** LISTED RECORDS follows **
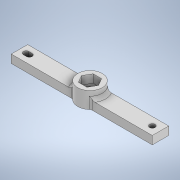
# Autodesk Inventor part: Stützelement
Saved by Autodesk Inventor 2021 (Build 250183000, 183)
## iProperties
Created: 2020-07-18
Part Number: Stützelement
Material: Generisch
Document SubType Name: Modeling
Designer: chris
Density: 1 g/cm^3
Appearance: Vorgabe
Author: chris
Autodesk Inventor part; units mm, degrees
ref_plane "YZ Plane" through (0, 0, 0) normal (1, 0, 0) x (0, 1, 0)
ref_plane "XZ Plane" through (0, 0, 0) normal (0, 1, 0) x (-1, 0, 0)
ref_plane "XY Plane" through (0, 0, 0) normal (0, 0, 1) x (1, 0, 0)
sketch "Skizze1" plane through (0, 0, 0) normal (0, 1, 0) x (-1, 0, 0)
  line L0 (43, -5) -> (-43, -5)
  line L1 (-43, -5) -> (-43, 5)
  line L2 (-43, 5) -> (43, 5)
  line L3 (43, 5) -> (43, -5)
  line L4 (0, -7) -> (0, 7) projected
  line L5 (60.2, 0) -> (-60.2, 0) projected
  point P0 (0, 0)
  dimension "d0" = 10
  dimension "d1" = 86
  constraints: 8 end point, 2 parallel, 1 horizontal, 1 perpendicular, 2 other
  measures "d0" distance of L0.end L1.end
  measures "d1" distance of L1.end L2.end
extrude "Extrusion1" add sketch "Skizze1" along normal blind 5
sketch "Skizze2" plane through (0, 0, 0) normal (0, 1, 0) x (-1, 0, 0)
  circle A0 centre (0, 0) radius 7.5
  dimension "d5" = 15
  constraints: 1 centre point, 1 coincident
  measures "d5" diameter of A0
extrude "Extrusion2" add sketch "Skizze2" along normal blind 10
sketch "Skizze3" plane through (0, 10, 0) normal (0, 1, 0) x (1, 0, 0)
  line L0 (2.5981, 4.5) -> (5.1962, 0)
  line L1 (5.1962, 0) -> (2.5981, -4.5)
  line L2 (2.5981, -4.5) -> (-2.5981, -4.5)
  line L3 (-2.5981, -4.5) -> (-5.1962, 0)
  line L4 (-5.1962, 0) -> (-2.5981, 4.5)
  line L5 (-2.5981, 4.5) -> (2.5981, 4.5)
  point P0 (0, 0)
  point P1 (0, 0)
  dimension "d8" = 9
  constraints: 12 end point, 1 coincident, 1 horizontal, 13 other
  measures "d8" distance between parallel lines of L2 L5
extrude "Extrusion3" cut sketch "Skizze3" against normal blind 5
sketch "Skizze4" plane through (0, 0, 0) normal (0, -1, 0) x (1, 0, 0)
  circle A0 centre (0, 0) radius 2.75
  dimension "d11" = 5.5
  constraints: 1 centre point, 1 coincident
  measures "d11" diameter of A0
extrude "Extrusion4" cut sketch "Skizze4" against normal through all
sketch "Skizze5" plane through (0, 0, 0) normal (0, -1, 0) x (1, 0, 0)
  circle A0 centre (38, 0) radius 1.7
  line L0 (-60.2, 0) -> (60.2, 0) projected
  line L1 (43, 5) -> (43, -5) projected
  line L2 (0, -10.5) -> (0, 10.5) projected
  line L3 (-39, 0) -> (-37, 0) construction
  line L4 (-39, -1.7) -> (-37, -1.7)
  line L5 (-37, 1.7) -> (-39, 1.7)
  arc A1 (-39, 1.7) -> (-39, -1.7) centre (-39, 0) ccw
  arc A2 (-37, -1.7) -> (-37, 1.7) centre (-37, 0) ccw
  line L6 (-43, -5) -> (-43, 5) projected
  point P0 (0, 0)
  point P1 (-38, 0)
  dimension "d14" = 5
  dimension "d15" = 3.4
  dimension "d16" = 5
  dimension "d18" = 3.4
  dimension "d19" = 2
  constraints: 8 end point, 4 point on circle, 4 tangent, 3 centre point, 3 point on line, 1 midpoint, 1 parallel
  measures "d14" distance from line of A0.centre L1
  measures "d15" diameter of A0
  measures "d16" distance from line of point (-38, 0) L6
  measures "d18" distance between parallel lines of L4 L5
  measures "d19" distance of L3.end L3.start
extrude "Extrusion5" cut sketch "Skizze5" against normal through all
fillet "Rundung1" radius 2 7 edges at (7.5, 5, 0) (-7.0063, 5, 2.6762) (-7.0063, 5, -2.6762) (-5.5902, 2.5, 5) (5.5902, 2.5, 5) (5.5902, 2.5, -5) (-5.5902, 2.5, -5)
** End of LISTED RECORDS **
The records above are to be repeated exactly, apart from their pictures.

EXERCISE SOLUTION:
# Autodesk Inventor part: Stützelement
Saved by Autodesk Inventor 2021 (Build 250183000, 183)
## iProperties
Created: 2020-07-18
Part Number: Stützelement
Material: Generisch
Document SubType Name: Modeling
Designer: chris
Density: 1 g/cm^3
Appearance: Vorgabe
Author: chris
Autodesk Inventor part; units mm, degrees
ref_plane "YZ Plane" through (0, 0, 0) normal (1, 0, 0) x (0, 1, 0)
ref_plane "XZ Plane" through (0, 0, 0) normal (0, 1, 0) x (-1, 0, 0)
ref_plane "XY Plane" through (0, 0, 0) normal (0, 0, 1) x (1, 0, 0)
sketch "Skizze1" plane through (0, 0, 0) normal (0, 1, 0) x (-1, 0, 0)
  line L0 (43, -5) -> (-43, -5)
  line L1 (-43, -5) -> (-43, 5)
  line L2 (-43, 5) -> (43, 5)
  line L3 (43, 5) -> (43, -5)
  line L4 (0, -7) -> (0, 7) projected
  line L5 (60.2, 0) -> (-60.2, 0) projected
  point P0 (0, 0)
  dimension "d0" = 10
  dimension "d1" = 86
  constraints: 8 end point, 2 parallel, 1 horizontal, 1 perpendicular, 2 other
  measures "d0" distance of L0.end L1.end
  measures "d1" distance of L1.end L2.end
extrude "Extrusion1" add sketch "Skizze1" along normal blind 5
sketch "Skizze2" plane through (0, 0, 0) normal (0, 1, 0) x (-1, 0, 0)
  circle A0 centre (0, 0) radius 7.5
  dimension "d5" = 15
  constraints: 1 centre point, 1 coincident
  measures "d5" diameter of A0
extrude "Extrusion2" add sketch "Skizze2" along normal blind 10
sketch "Skizze3" plane through (0, 10, 0) normal (0, 1, 0) x (1, 0, 0)
  line L0 (2.5981, 4.5) -> (5.1962, 0)
  line L1 (5.1962, 0) -> (2.5981, -4.5)
  line L2 (2.5981, -4.5) -> (-2.5981, -4.5)
  line L3 (-2.5981, -4.5) -> (-5.1962, 0)
  line L4 (-5.1962, 0) -> (-2.5981, 4.5)
  line L5 (-2.5981, 4.5) -> (2.5981, 4.5)
  point P0 (0, 0)
  point P1 (0, 0)
  dimension "d8" = 9
  constraints: 12 end point, 1 coincident, 1 horizontal, 13 other
  measures "d8" distance between parallel lines of L2 L5
extrude "Extrusion3" cut sketch "Skizze3" against normal blind 5
sketch "Skizze4" plane through (0, 0, 0) normal (0, -1, 0) x (1, 0, 0)
  circle A0 centre (0, 0) radius 2.75
  dimension "d11" = 5.5
  constraints: 1 centre point, 1 coincident
  measures "d11" diameter of A0
extrude "Extrusion4" cut sketch "Skizze4" against normal through all
sketch "Skizze5" plane through (0, 0, 0) normal (0, -1, 0) x (1, 0, 0)
  circle A0 centre (38, 0) radius 1.7
  line L0 (-60.2, 0) -> (60.2, 0) projected
  line L1 (43, 5) -> (43, -5) projected
  line L2 (0, -10.5) -> (0, 10.5) projected
  line L3 (-39, 0) -> (-37, 0) construction
  line L4 (-39, -1.7) -> (-37, -1.7)
  line L5 (-37, 1.7) -> (-39, 1.7)
  arc A1 (-39, 1.7) -> (-39, -1.7) centre (-39, 0) ccw
  arc A2 (-37, -1.7) -> (-37, 1.7) centre (-37, 0) ccw
  line L6 (-43, -5) -> (-43, 5) projected
  point P0 (0, 0)
  point P1 (-38, 0)
  dimension "d14" = 5
  dimension "d15" = 3.4
  dimension "d16" = 5
  dimension "d18" = 3.4
  dimension "d19" = 2
  constraints: 8 end point, 4 point on circle, 4 tangent, 3 centre point, 3 point on line, 1 midpoint, 1 parallel
  measures "d14" distance from line of A0.centre L1
  measures "d15" diameter of A0
  measures "d16" distance from line of point (-38, 0) L6
  measures "d18" distance between parallel lines of L4 L5
  measures "d19" distance of L3.end L3.start
extrude "Extrusion5" cut sketch "Skizze5" against normal through all
fillet "Rundung1" radius 2 7 edges at (7.5, 5, 0) (-7.0063, 5, 2.6762) (-7.0063, 5, -2.6762) (-5.5902, 2.5, 5) (5.5902, 2.5, 5) (5.5902, 2.5, -5) (-5.5902, 2.5, -5)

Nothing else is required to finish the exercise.